Captions versus Transcripts:
It’s all about portions and waypoints

Captions reside at the bottom of a video and show what’s being said in short bits. Transcripts also show what’s said, but let you see more text at once.

At first glance, it might not seem like they’re much different. The words are all the same, after all. Look a little closer, though, and it becomes obvious that there are a couple of key differences that technology hasn’t yet neatly sorted out.

The differences, which boil down to portions and waypoints, became obvious as we built the InSite open source publishing system for Duke University’s Rutherford Living History Archive.

The premise is similar. Each snippet of text on a captioned video has a timestamp that tells it when to show up. Each sentence of text in an interactive transcript has a timestamp so users can navigate, search and share. Click the transcript and the video scrubs to the start of that sentence. Search for a word or phrase and hits are highlighted in the transcript and indicated by dots on the video seek bar. Click on a highlight or dot and the video scrubs to the start of that sentence. Select an transcript excerpt and the social media share or copy includes a link that scrubs to the first sentence of the excerpt in the video.
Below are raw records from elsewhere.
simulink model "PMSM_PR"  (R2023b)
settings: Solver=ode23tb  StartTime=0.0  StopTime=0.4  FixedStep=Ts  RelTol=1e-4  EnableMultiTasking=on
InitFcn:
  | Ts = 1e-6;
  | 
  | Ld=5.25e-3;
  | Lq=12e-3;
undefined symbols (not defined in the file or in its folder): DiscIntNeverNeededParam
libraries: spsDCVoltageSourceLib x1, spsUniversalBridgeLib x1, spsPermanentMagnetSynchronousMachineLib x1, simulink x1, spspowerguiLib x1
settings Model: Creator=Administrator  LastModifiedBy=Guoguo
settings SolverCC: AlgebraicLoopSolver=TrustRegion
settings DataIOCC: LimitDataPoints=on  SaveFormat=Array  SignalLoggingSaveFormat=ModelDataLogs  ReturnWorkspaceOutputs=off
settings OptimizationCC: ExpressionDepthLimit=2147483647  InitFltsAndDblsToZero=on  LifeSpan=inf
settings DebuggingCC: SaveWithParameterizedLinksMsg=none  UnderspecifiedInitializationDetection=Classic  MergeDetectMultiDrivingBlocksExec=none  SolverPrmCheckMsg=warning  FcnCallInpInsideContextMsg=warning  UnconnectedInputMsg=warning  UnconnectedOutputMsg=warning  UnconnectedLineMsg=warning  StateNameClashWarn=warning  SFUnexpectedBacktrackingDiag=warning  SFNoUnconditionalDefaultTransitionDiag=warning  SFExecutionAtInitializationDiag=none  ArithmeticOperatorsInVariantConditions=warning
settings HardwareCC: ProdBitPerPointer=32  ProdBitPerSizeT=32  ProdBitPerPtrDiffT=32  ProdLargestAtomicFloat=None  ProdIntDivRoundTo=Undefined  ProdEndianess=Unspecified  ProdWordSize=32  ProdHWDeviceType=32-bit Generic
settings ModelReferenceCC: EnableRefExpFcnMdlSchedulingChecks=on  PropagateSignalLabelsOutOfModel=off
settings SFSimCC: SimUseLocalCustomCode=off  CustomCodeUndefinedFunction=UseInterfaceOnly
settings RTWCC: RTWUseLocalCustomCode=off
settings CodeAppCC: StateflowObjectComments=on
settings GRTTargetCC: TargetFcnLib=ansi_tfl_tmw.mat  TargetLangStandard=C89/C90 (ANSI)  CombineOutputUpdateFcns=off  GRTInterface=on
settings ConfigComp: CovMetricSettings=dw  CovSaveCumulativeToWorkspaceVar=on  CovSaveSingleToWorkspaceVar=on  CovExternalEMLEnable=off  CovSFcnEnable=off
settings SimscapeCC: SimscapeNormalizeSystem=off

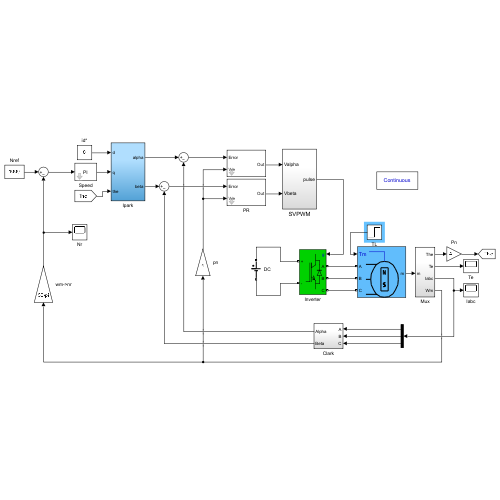
[thumbnail: Simulink's stored preview of the top-level diagram]
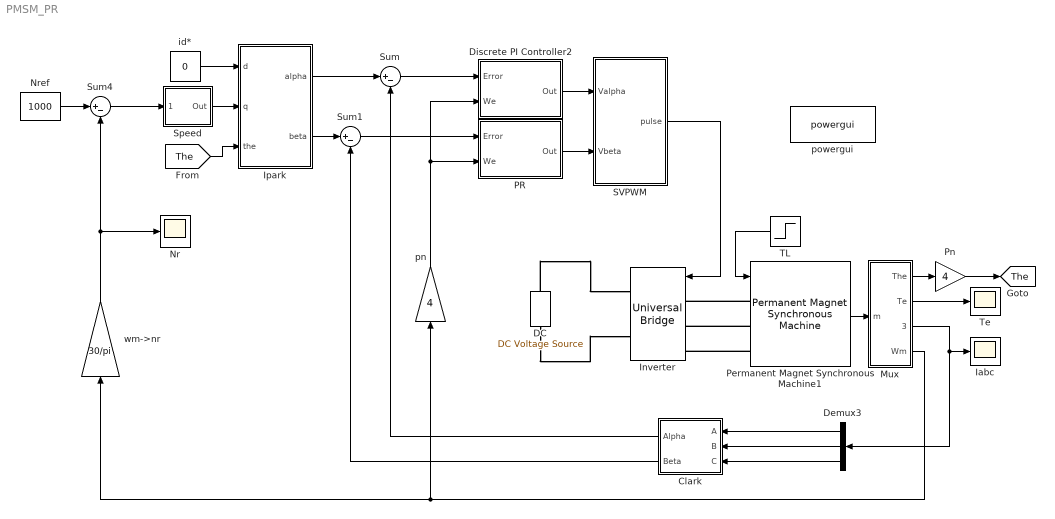
== system PMSM_PR ==
  Clark : Subsystem
  "DC " : spsDCVoltageSourceLib/DC Voltage Source  Amplitude=311  Measurements=None
  Demux3 : Demux  Outputs=3
  Discrete PI Controller2 : Subsystem  AncestorBlock=|  DialogController=POWERSYS.PowerSysDialog  mask(Discrete PI Controller){Kp=100, wc=200, ki=1000, Par_Limits=[300/sqrt(3) -300/sqrt(3)], Init=0, Ts=Ts}
      | powerlib_extras/Discrete 
      | Control Blocks/Discrete
      | PI Controller
      mask prompts: Kp "Proportional gain (Kp):"; wc "Cut-off frequency(wc)"; ki "PR integral gain (ki)"; Par_Limits "Output limits: [ Upper   Lower ]"; Init "Output initial value:"; Ts "Sample time:"
      mask help: This block implements a discrete PI controller.
      mask init:
      | UpperLimit=Par_Limits(1);
      | LowerLimit=Par_Limits(2);
      | power_initmask();
      mask Help: This block is part of a subset of blocks in the Extras library that does not have documentation associated with it, other than the block mask description.
  Iabc : Scope
  Inverter : spsUniversalBridgeLib/Universal Bridge  Arms=3  SnubberResistance=1e5  SnubberCapacitance=inf  Device=IGBT / Diodes  Ron=1e-3  Lon=0  ForwardVoltages="[  0  0  ]"  ForwardVoltage=0  GTOparameters=[ 10e-6 , 20e-6 ]  IGBTparameters=[ 1e-6 , 2e-6 ]  Measurements=None  Measurements_2=None  converterType=Rectifier
  Ipark : Subsystem
  Mux : Subsystem
  Nr : Scope
  Nref : Constant  Value=1000
  PR : Subsystem  AncestorBlock=|  DialogController=POWERSYS.PowerSysDialog  mask(Discrete PI Controller){Kp=100, wc=200, ki=1000, Par_Limits=[300/sqrt(3) -300/sqrt(3)], Init=0, Ts=Ts}
      | powerlib_extras/Discrete 
      | Control Blocks/Discrete
      | PI Controller
      mask prompts: Kp "Proportional gain (Kp):"; wc "Cut-off frequency(wc)"; ki "PR integral gain (ki)"; Par_Limits "Output limits: [ Upper   Lower ]"; Init "Output initial value:"; Ts "Sample time:"
      mask help: This block implements a discrete PI controller.
      mask init:
      | UpperLimit=Par_Limits(1);
      | LowerLimit=Par_Limits(2);
      | power_initmask();
      mask Help: This block is part of a subset of blocks in the Extras library that does not have documentation associated with it, other than the block mask description.
  Permanent Magnet Synchronous Machine1 : spsPermanentMagnetSynchronousMachineLib/Permanent Magnet Synchronous Machine  NbPhases=3  FluxDistribution=Sinusoidal  RotorType=Salient-pole  MechanicalLoad=Torque Tm  PresetModel=No  ShowDetailedParameters=on  MeasurementBus=off  Resistance=0.958  Inductance=8.5e-3  dqInductances=[5.25e-3,12e-3]  La=0.000835  MachineConstant=Flux linkage established by magnets (V.s)  Flux=0.1827  VoltageCst=132.5525  TorqueCst=1.0962  Flat=120  Mechanical=[0.003 0.008 4]  PolePairs=3  InitialConditions=[0,0, 0,0]  InitialConditions5ph=[0 0 0 0 0 0]  RefAngle=Aligned with phase A axis (original Park)  IterativeDiscreteModel=Trapezoidal non iterative  TsBlock=-1  TsPowergui=0
  Pn : Gain  Gain=4
  SVPWM : Subsystem
  Speed : Subsystem  AncestorBlock=|  DialogController=POWERSYS.PowerSysDialog  mask(Discrete PI Controller){Kpw=0.08, Kiw=4, Ba=0, Par_Limits=[20 -20], Init=0, Ts=Ts}
      | powerlib_extras/Discrete 
      | Control Blocks/Discrete
      | PI Controller
      mask prompts: Kpw "Proportional gain (Kp):"; Kiw "Integral gain (Ki):"; Ba "feedback gain (Ba)"; Par_Limits "Output limits: [ Upper   Lower ]"; Init "Output initial value:"; Ts "Sample time:"
      mask help: This block implements a discrete PI controller.
      mask init:
      | UpperLimit=Par_Limits(1);
      | LowerLimit=Par_Limits(2);
      | power_initmask();
      mask Help: This block is part of a subset of blocks in the Extras library that does not have documentation associated with it, other than the block mask description.
      mask Display: disp('PI');
  Sum : Sum  Inputs=|+-
  Sum1 : Sum  Inputs=|+-
  Sum4 : Sum  Inputs=|+-
  TL : Step  Time=0.2  After=10  SampleTime=0
  Te : Scope
  id* : Constant  Value=0
  pn : Gain  Gain=4
  powergui : spspowerguiLib/powergui  SimulationMode=Continuous  SampleTime=Ts  frequency=60  Iterations=50  frequencyindice=0  Pbase=100e6  ErrMax=1e-4  UnitsV=kV  UnitsW=MW  buscounter=0  FunctionMessages=off  echomessages=off  EnableUseOfTLC=off  CurrentSourceSwitches=on  DisableSnubberDevices=off  DisableRonSwitches=off  DisableVfSwitches=off  DisplayEquations=off  AutomaticDiscreteSolvers=off  SolverType=Tustin/Backward Euler (TBE)  Interpol=off  ExternalGateDelay=off  methode=off  Ts=0  x0status=blocks  SPID=off  SwTol=0  HookPort=off  NonlinearTolerance=1e-4  nMaxIteration=100  ContinueOnMaxIteration=off  RestoreLinks=warning  ResistiveCurrentMeasurement=off  Frange=[0:2:500]  Ylog=off  Xlog=on  ShowGrid=off  save=off  variable=ZData  structure=0  ZoomFFT=off  StartTime=0.0  cycles=1  DisplayStyle=1  fundamental=60  FreqAxis=off  MaxFrequency=1000  frequencyindicesteady=1  RmsSteady=1  display=off
  wm->nr : Gain  Gain=30/pi
  tag scope: The=global
  wires:
  SVPWM/1(pulse) -> Inverter/1
  Permanent Magnet Synchronous Machine1/1 -> Mux/1(m)
  Mux/1(The) -> Pn/1
  Mux/3(Iabc) -> Demux3/1, Iabc/1
  Mux/2(Te) -> Te/1
  Demux3/1 -> Clark/1(A)
  Demux3/2 -> Clark/2(B)
  Demux3/3 -> Clark/3(C)
  TL/1 -> Permanent Magnet Synchronous Machine1/1
  Sum1/1 -> PR/1(Error)
  Sum/1 -> Discrete PI Controller2/1(Error)
  Sum4/1 -> Speed/1(Error)
  Ipark/1(alpha) -> Sum/1
  id*/1 -> Ipark/1(d)
  Speed/1(Out) -> Ipark/2(q)
  Ipark/2(beta) -> Sum1/1
  Mux/4(Wm) -> pn/1, wm->nr/1
  Nref/1 -> Sum4/1
  wm->nr/1 -> Sum4/2, Nr/1
  PR/1(Out) -> SVPWM/2(Vbeta)
  Discrete PI Controller2/1(Out) -> SVPWM/1(Valpha)
  Clark/1(Alpha) -> Sum/2
  Clark/2(Beta) -> Sum1/2
  pn/1 -> Discrete PI Controller2/2(We), PR/2(We)
  Pn/1 -> [The]
  [The] -> Ipark/3(the)
  connections:
  "DC "/RConn1 -- Inverter/RConn1
  "DC "/LConn1 -- Inverter/RConn2
  Permanent Magnet Synchronous Machine1/LConn1 -- Inverter/LConn1
  Permanent Magnet Synchronous Machine1/LConn2 -- Inverter/LConn2
  Permanent Magnet Synchronous Machine1/LConn3 -- Inverter/LConn3

== system PMSM_PR/Clark ==
  A : Inport
  B : Inport  Port=2
  C : Inport  Port=3
  Mux : Mux  Inputs=3
  alpha : Fcn  Expr=(u(1)-0.5*(u(2)+u(3)))*2/3
  beta : Fcn  Expr=sqrt(3)/2*(u(2)-u(3))*2/3
  Alpha : Outport
  Beta : Outport  Port=2
  wires:
  alpha/1 -> Alpha/1
  B/1 -> Mux/2
  C/1 -> Mux/3
  A/1 -> Mux/1
  Mux/1 -> beta/1, alpha/1
  beta/1 -> Beta/1

== system PMSM_PR/Discrete PI Controller2 ==
  note: Discrete PID Controller
  note: Pierre Giroux, Gilbert Sybille
      | Power System Simulation Laboratory
      | IREQ, Hydro-Quebc
  Error : Inport  SampleTime=Ts
  We : Inport  Port=2  SampleTime=Ts
  Kp4 : Gain  Gain=Kp  SaturateOnIntegerOverflow=on  SampleTime=Ts  OutDataTypeStr=Inherit: Same as input  ParamDataTypeStr=Inherit: Same as input
  R : Subsystem
  Sum6 : Sum  InputSameDT=on  SaturateOnIntegerOverflow=on  SampleTime=Ts  OutDataTypeStr=Inherit: Same as first input
  Zero-Order Hold : ZeroOrderHold  SampleTime=Ts
  Out : Outport  SampleTime=Ts  InitialOutput=0
  wires:
  Zero-Order Hold/1 -> Sum6/1
  We/1 -> R/2(we)
  Sum6/1 -> Out/1
  Kp4/1 -> Zero-Order Hold/1
  Error/1 -> Kp4/1, R/1(error)
  R/1(Out) -> Sum6/2

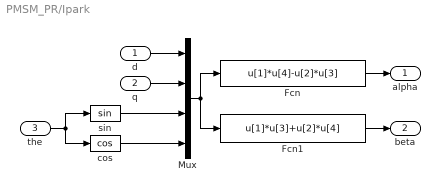
== system PMSM_PR/Ipark ==
  d : Inport
  q : Inport  Port=2
  the : Inport  Port=3
  Fcn : Fcn  Expr=u[1]*u[4]-u[2]*u[3]
  Fcn1 : Fcn  Expr=u[1]*u[3]+u[2]*u[4]
  Mux : Mux
  cos : Trigonometry  Operator=cos
  sin : Trigonometry
  alpha : Outport
  beta : Outport  Port=2
  wires:
  d/1 -> Mux/1
  q/1 -> Mux/2
  Mux/1 -> Fcn1/1, Fcn/1
  sin/1 -> Mux/3
  cos/1 -> Mux/4
  the/1 -> sin/1, cos/1
  Fcn/1 -> alpha/1
  Fcn1/1 -> beta/1

== system PMSM_PR/Mux ==
  m : Inport
  Bus Selector : BusSelector  OutputSignals=Stator current is_a (A),Stator current is_b (A),Stator current is_c (A)
  Bus Selector1 : BusSelector  OutputSignals=Rotor speed wm (rad/s),Rotor angle thetam (rad),Electromagnetic torque Te (N*m)
  Mux : Mux  Inputs=3
  The : Outport
  Te : Outport  Port=2
  Iabc : Outport  Port=3
  Wm : Outport  Port=4
  wires:
  Bus Selector1/1 -> Wm/1  "<Rotor speed wm (rad/s)>"
  Bus Selector1/2 -> The/1  "<Rotor angle thetam (rad)>"
  Bus Selector1/3 -> Te/1  "<Electromagnetic torque Te (N*m)>"
  m/1 -> Bus Selector/1, Bus Selector1/1
  Bus Selector/2 -> Mux/2  "<Stator current is_b (A)>"
  Bus Selector/3 -> Mux/3  "<Stator current is_c (A)>"
  Bus Selector/1 -> Mux/1  "<Stator current is_a (A)>"
  Mux/1 -> Iabc/1

== system PMSM_PR/PR ==
  note: Pierre Giroux, Gilbert Sybille
      | Power System Simulation Laboratory
      | IREQ, Hydro-Quebc
  note: Discrete PID Controller
  Error : Inport  SampleTime=Ts
  We : Inport  Port=2  SampleTime=Ts
  Kp4 : Gain  Gain=Kp  SaturateOnIntegerOverflow=on  SampleTime=Ts  OutDataTypeStr=Inherit: Same as input  ParamDataTypeStr=Inherit: Same as input
  R : Subsystem
  Sum6 : Sum  InputSameDT=on  SaturateOnIntegerOverflow=on  SampleTime=Ts  OutDataTypeStr=Inherit: Same as first input
  Zero-Order Hold : ZeroOrderHold  SampleTime=Ts
  Out : Outport  SampleTime=Ts  InitialOutput=0
  wires:
  R/1(Out) -> Sum6/2
  Error/1 -> R/1(error), Kp4/1
  Kp4/1 -> Zero-Order Hold/1
  Sum6/1 -> Out/1
  We/1 -> R/2(we)
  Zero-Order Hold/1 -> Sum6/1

When we were looking for automatic formatting tools for transcriptions, captioning software was an obvious first place to look. But captions are generally done by time – they often start or end in the middle of a sentence. We needed to highlight the transcripts a discrete sentence at a time, and we wanted quote shares to start at the beginning of a sentence.

So the first difference between captions and transcriptions is that a transcript portion is a sentence, while a caption portion is a few seconds.

Captions also take on the temporal aspect of video. You see video and caption in lockstep. So captions don’t need to separately indicate who’s talking. And since you only see a bit of text at once, there’s no need to organize the text by paragraph.

In contrast, transcripts aren’t locked into the same timeframe as video. You can read a transcript along with a video, but you can also see more of the text at once and any part of it at any point. You can read ahead, go back and read something you already heard, and compare. This means the text needs organization. The WebVTT standard is a way of formatting text to connect it to audio or video so that a player can interpret it, and humans can also easily read it. WebVTT includes speaker and chapter codes for transcripts. But this wasn’t enough. Look at a big chunk of text at once and you need more waypoints: paragraphs and subheadings.

We bent the WebVTT standard a bit so we could provide these for the Rutherford Living History site. Fortunately, the standard contains the NOTE indicator, which ignores any line of text that starts with NOTE. We used this to make a couple of special tags that we could intercept to give us the functionality we wanted. ‘NOTE paragraph” indicates a paragraph, and “NOTE chapter” indicates a second layer of chapter –  a subhead.

This made our transcripts much more readable and useful – readers can navigate by subhead and chapter – as we continued to use the WebVTT standard. I’m hoping the folks who shepherd the standard can see their way to adding these concepts.